▸ **Problem requirements**
Which lines of the entries below include "Fail"? List them all.

==== Source data

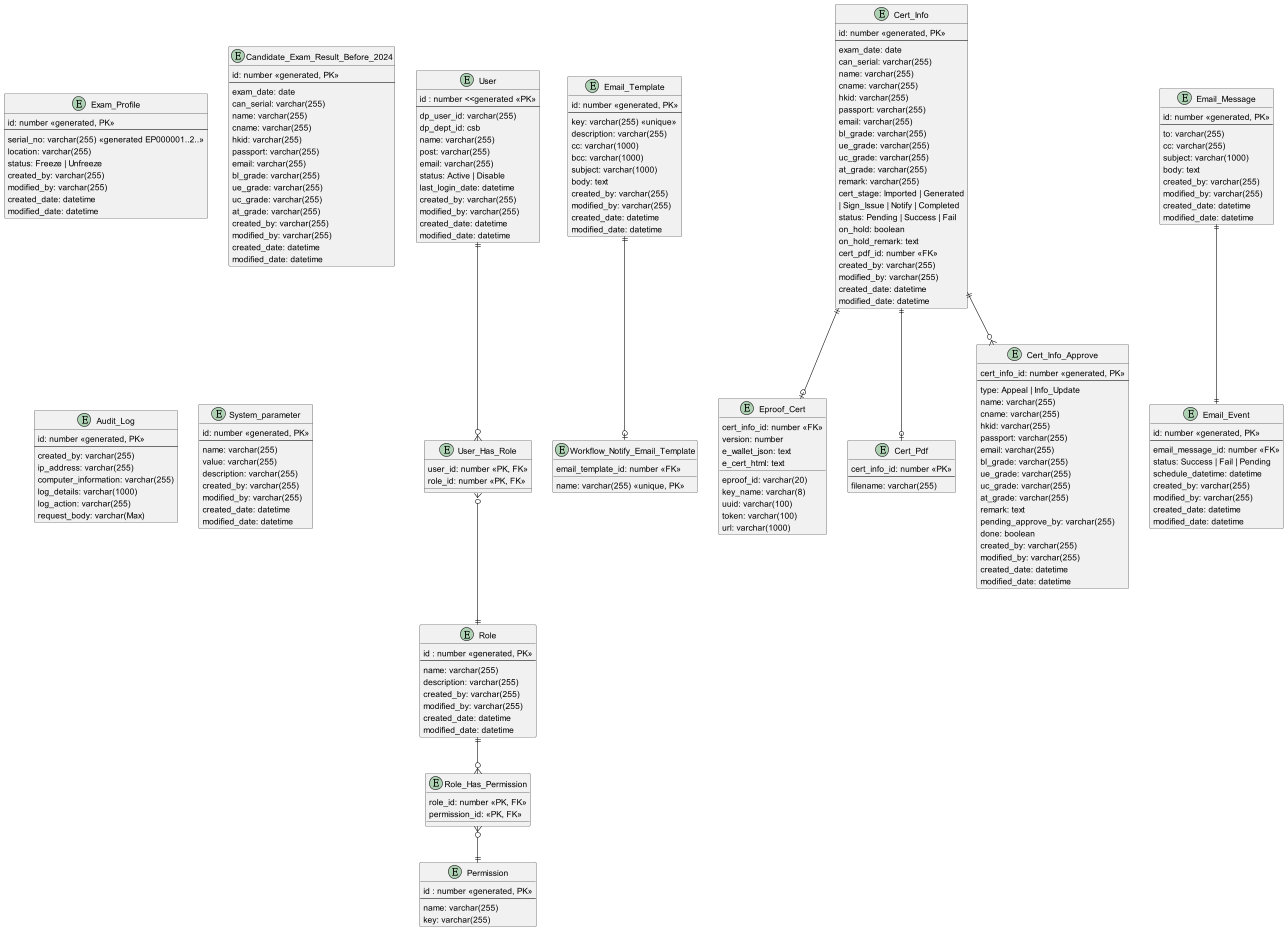

The diagram above was rendered by PlantUML. Its source (embedded in the PNG):
@startuml

entity "User" as user {
  id : number <<generated <<PK>>
  --
  dp_user_id: varchar(255)
  dp_dept_id: csb
  name: varchar(255)
  post: varchar(255)
  email: varchar(255)
  status: Active | Disable
  last_login_date: datetime
  created_by: varchar(255)
  modified_by: varchar(255)
  created_date: datetime
  modified_date: datetime
}

entity "Role" as role {
  id : number <<generated, PK>>
  --
  name: varchar(255)
  description: varchar(255)
  created_by: varchar(255)
  modified_by: varchar(255)
  created_date: datetime
  modified_date: datetime
}

entity "Permission" as permission {
  id : number <<generated, PK>>
  --
  name: varchar(255)
  key: varchar(255)
}

entity "User_Has_Role" as user_has_role {
  user_id: number <<PK, FK>>
  role_id: number <<PK, FK>>
}

entity "Role_Has_Permission" as role_has_permission {
  role_id: number <<PK, FK>>
  permission_id: <<PK, FK>>
}

entity "Exam_Profile" as exam_profile {
  id: number <<generated, PK>>
  --
  serial_no: varchar(255) <<generated EP000001..2..>>
  location: varchar(255)
  status: Freeze | Unfreeze
  created_by: varchar(255)
  modified_by: varchar(255)
  created_date: datetime
  modified_date: datetime
}

entity "Email_Template" as email_template {
  id: number <<generated, PK>>
  --
  key: varchar(255) <<unique>>
  description: varchar(255)
  cc: varchar(1000)
  bcc: varchar(1000)
  subject: varchar(1000)
  body: text
  created_by: varchar(255)
  modified_by: varchar(255)
  created_date: datetime
  modified_date: datetime
}

entity "Workflow_Notify_Email_Template" as workflow_notify_email_template {
  name: varchar(255) <<unique, PK>>
  email_template_id: number <<FK>>
}

entity "Eproof_Cert" as eproof_cert {
  cert_info_id: number <<FK>>
  eproof_id: varchar(20)
  key_name: varchar(8)
  uuid: varchar(100)
  version: number
  token: varchar(100)
  e_wallet_json: text
  e_cert_html: text
  url: varchar(1000)
}

entity "Cert_Pdf" as cert_pdf {
  cert_info_id: number <<PK>>
  --
  filename: varchar(255)
}

entity "Cert_Info" as cert_info {
  id: number <<generated, PK>>
  --
  exam_date: date
  can_serial: varchar(255)
  name: varchar(255)
  cname: varchar(255)
  hkid: varchar(255)
  passport: varchar(255)
  email: varchar(255)
  bl_grade: varchar(255)
  ue_grade: varchar(255)
  uc_grade: varchar(255)
  at_grade: varchar(255)
  remark: varchar(255)
  cert_stage: Imported | Generated\n| Sign_Issue | Notify | Completed
  status: Pending | Success | Fail
  on_hold: boolean
  on_hold_remark: text
  cert_pdf_id: number <<FK>>
  created_by: varchar(255)
  modified_by: varchar(255)
  created_date: datetime
  modified_date: datetime
}

entity "Cert_Info_Approve" as cert_info_approve {
  cert_info_id: number <<generated, PK>>
  --
  type: Appeal | Info_Update
  name: varchar(255)
  cname: varchar(255)
  hkid: varchar(255)
  passport: varchar(255)
  email: varchar(255)
  bl_grade: varchar(255)
  ue_grade: varchar(255)
  uc_grade: varchar(255)
  at_grade: varchar(255)
  remark: text
  pending_approve_by: varchar(255)
  done: boolean
  created_by: varchar(255)
  modified_by: varchar(255)
  created_date: datetime
  modified_date: datetime
}

entity "Candidate_Exam_Result_Before_2024" as candidate_exam_result_before_2024 {
  id: number <<generated, PK>>
  --
  exam_date: date
  can_serial: varchar(255)
  name: varchar(255)
  cname: varchar(255)
  hkid: varchar(255)
  passport: varchar(255)
  email: varchar(255)
  bl_grade: varchar(255)
  ue_grade: varchar(255)
  uc_grade: varchar(255)
  at_grade: varchar(255)
  created_by: varchar(255)
  modified_by: varchar(255)
  created_date: datetime
  modified_date: datetime
}

entity "Email_Message" as email_message {
  id: number <<generated, PK>>
  --
  to: varchar(255)
  cc: varchar(255)
  subject: varchar(1000)
  body: text
  created_by: varchar(255)
  modified_by: varchar(255)
  created_date: datetime
  modified_date: datetime
}
entity "Email_Event" as email_event {
  id: number <<generated, PK>>
  --
  email_message_id: number <<FK>>
  status: Success | Fail | Pending
  schedule_datetime: datetime
  created_by: varchar(255)
  modified_by: varchar(255)
  created_date: datetime
  modified_date: datetime
}

entity "Audit_Log" as audit_log {
  id: number <<generated, PK>>
  --
  created_by: varchar(255)
  ip_address: varchar(255)
  computer_information: varchar(255)
  log_details: varchar(1000)
  log_action: varchar(255)
  request_body: varchar(Max)
}

entity "System_parameter" as system_parameter {
  id: number <<generated, PK>>
  --
  name: varchar(255)
  value: varchar(255)
  description: varchar(255)
  created_by: varchar(255)
  modified_by: varchar(255)
  created_date: datetime
  modified_date: datetime
}

user ||--o{ user_has_role
user_has_role }o--|| role
role ||--o{ role_has_permission
role_has_permission }o--|| permission
email_template ||--o| workflow_notify_email_template
cert_info ||--o{ cert_info_approve
cert_info ||--o| cert_pdf
cert_info ||--o| eproof_cert
email_message ||--|| email_event
@enduml

========

▸ **Answer section**
  status: Pending | Success | Fail
  status: Success | Fail | Pending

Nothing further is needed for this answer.